We proposed that iKIRs enhancement of CD8 + T cell survival is a plausible mechanism that can explain this iKIR effect on HLA class I associations. This hypothesis stems from ours and others’ experimental studies on T cells, where iKIR ligation is associated with increased T cell survival either via a direct or indirect pathway (see “Direct pathways” and “Indirect pathways” sections) (Boelen et al. 2018; Ugolini et al. 2001). Although it is difficult to imagine how increased survival can enhance both protective (HLA-B*57) and detrimental (HLA-B*35Px) associations, using mathematical modelling we showed that if T cell lifespan is very short (low number of functional iKIRs), then the effect of protective, detrimental and average HLA class I alleles is indistinguishable; individuals have similar viral loads irrespective of their HLA class I genotype. That is, if we stratified a cohort and looked just at people with a low number of functional iKIRs, then the viral load would be independent of HLA genotype and HLA disease associations would be weak or absent. However, if T cell lifespan increases i.e. in individuals carrying a high number of iKIRs, the quality of the T cell response now becomes much more important and significant differences in viral load emerge between carriers of protective, detrimental and average HLA alleles. In an immunogenetic analysis, this is observed as strong detrimental and protective HLA associations. That is the strength of both protective and detrimental associations would be higher in people with a high iKIR score than in people with a low iKIR score. Although the model does not prove the hypothesis, it does provide a plausible explanation for our seemingly contradictory immunogenetic results.

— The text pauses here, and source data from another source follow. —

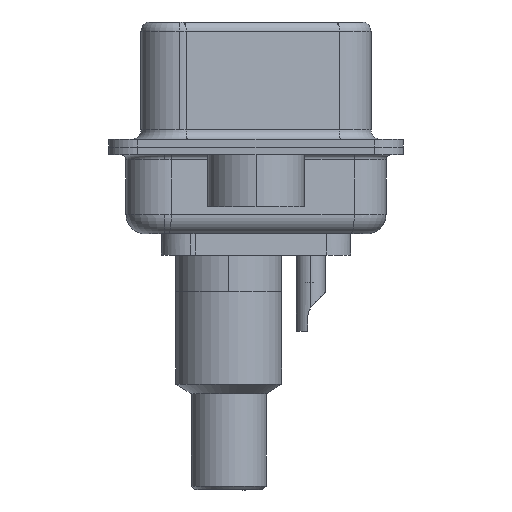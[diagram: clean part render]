
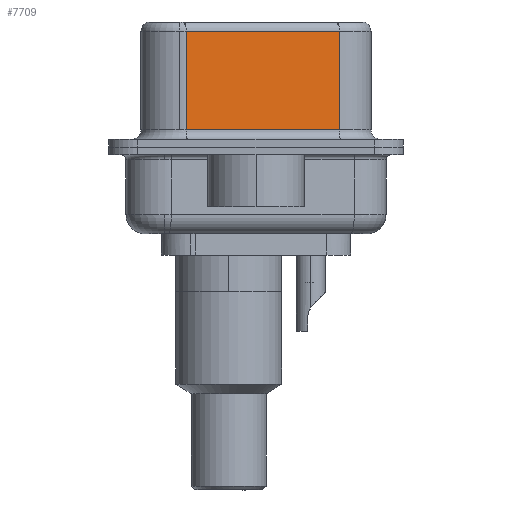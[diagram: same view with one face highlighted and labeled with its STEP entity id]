
A CAD part, left-side view. The second image highlights one B-rep face of the part: STEP entity #7709.
In plain terms, the highlighted planar face has unit normal (-0.985, -0.174, 0).
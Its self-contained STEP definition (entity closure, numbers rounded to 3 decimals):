
#1226 = CARTESIAN_POINT ( 'NONE',  ( 5.132, -4.322, 6.52 ) ) ;
#2826 = CARTESIAN_POINT ( 'NONE',  ( 5.132, -4.322, 0.9 ) ) ;
#5073 = VECTOR ( 'NONE', #7497, 1000. ) ;
#5189 = CARTESIAN_POINT ( 'NONE',  ( 5.132, -4.322, 6.02 ) ) ;
#6595 = VERTEX_POINT ( 'NONE', #13523 ) ;
#7497 = DIRECTION ( 'NONE',  ( 0.174, -0.985, 0. ) ) ;
#7709 = ADVANCED_FACE ( 'NONE', ( #29229 ), #29566, .F. ) ;
#8503 = VECTOR ( 'NONE', #17427, 1000. ) ;
#9231 = LINE ( 'NONE', #1226, #8503 ) ;
#9391 = EDGE_CURVE ( 'NONE', #20934, #19581, #9231, .T. ) ;
#9685 = CARTESIAN_POINT ( 'NONE',  ( 3.73, 3.628, 6.02 ) ) ;
#11572 = VECTOR ( 'NONE', #12127, 1000. ) ;
#11586 = ORIENTED_EDGE ( 'NONE', *, *, #9391, .F. ) ;
#12127 = DIRECTION ( 'NONE',  ( -0.174, 0.985, 0. ) ) ;
#12425 = ORIENTED_EDGE ( 'NONE', *, *, #20244, .T. ) ;
#13131 = CARTESIAN_POINT ( 'NONE',  ( 3.73, 3.628, 6.52 ) ) ;
#13523 = CARTESIAN_POINT ( 'NONE',  ( 3.73, 3.628, 0.9 ) ) ;
#14410 = CARTESIAN_POINT ( 'NONE',  ( 5.132, -4.322, 6.02 ) ) ;
#14913 = LINE ( 'NONE', #13131, #26519 ) ;
#15651 = VERTEX_POINT ( 'NONE', #9685 ) ;
#17327 = LINE ( 'NONE', #2826, #5073 ) ;
#17427 = DIRECTION ( 'NONE',  ( 0., 0., -1. ) ) ;
#17526 = EDGE_LOOP ( 'NONE', ( #11586, #12425, #29134, #18618 ) ) ;
#17683 = LINE ( 'NONE', #5189, #11572 ) ;
#18618 = ORIENTED_EDGE ( 'NONE', *, *, #22751, .T. ) ;
#19581 = VERTEX_POINT ( 'NONE', #25541 ) ;
#20244 = EDGE_CURVE ( 'NONE', #20934, #15651, #17683, .T. ) ;
#20934 = VERTEX_POINT ( 'NONE', #14410 ) ;
#22751 = EDGE_CURVE ( 'NONE', #6595, #19581, #17327, .T. ) ;
#25541 = CARTESIAN_POINT ( 'NONE',  ( 5.132, -4.322, 0.9 ) ) ;
#26519 = VECTOR ( 'NONE', #29459, 1000. ) ;
#26602 = AXIS2_PLACEMENT_3D ( 'NONE', #28359, #27944, #27845 ) ;
#27092 = EDGE_CURVE ( 'NONE', #15651, #6595, #14913, .T. ) ;
#27845 = DIRECTION ( 'NONE',  ( -0.174, 0.985, 0. ) ) ;
#27944 = DIRECTION ( 'NONE',  ( 0.985, 0.174, 0. ) ) ;
#28359 = CARTESIAN_POINT ( 'NONE',  ( 5.132, -4.322, 6.52 ) ) ;
#29134 = ORIENTED_EDGE ( 'NONE', *, *, #27092, .T. ) ;
#29229 = FACE_OUTER_BOUND ( 'NONE', #17526, .T. ) ;
#29459 = DIRECTION ( 'NONE',  ( 0., 0., -1. ) ) ;
#29566 = PLANE ( 'NONE',  #26602 ) ;

Although this immunogenetic analysis suggests that iKIRs have a clinically significant impact on T cell responses, it does not distinguish between the direct and the indirect pathways: both are consistent with the data. The only hint is given by the size of the clinical effect compared to the size of the KIR+ T cell population: it is perhaps difficult to imagine how the increase in survival of such a small population of KIR+ T cells can underlie such profound clinical effects, and for this reason, the data are arguably more aligned with the indirect pathway.

Conclusions

Functional iKIR genes enhance HLA class I disease associations in three different chronic viral infections. In contrast to many reported iKIR-disease associations, these observations applied to all iKIR genes and to all the three viral infections studied. This suggests the existence of a clinically significant checkpoint regulator of T cell responses. Our hypothesis is that the iKIR-HLA receptor-ligand system enhances T cell survival. Enhanced T cell lifespan might be desirable in the context of chronic antigen stimulation to avoid exhaustion and cell death but increased T cell survival might also promote autoreactive T cell responses and worsen autoimmunity. Although some T cells express KIRs, and this may directly affect the T cell’s lifespan (Fig. 1A) perhaps a more plausible explanation is modulation by another KIR expressing immune effector (most likely NK cells but also potentially another T cell subpopulation, Fig. 1B). A number of regulatory mechanisms by which innate cytotoxic effectors affect adaptive responses have been described though the role of iKIRs in these interactions has generally not been investigated. The combination of both mathematical models and experimental data will help to investigate the underlying mechanisms behind our immunogenetic findings.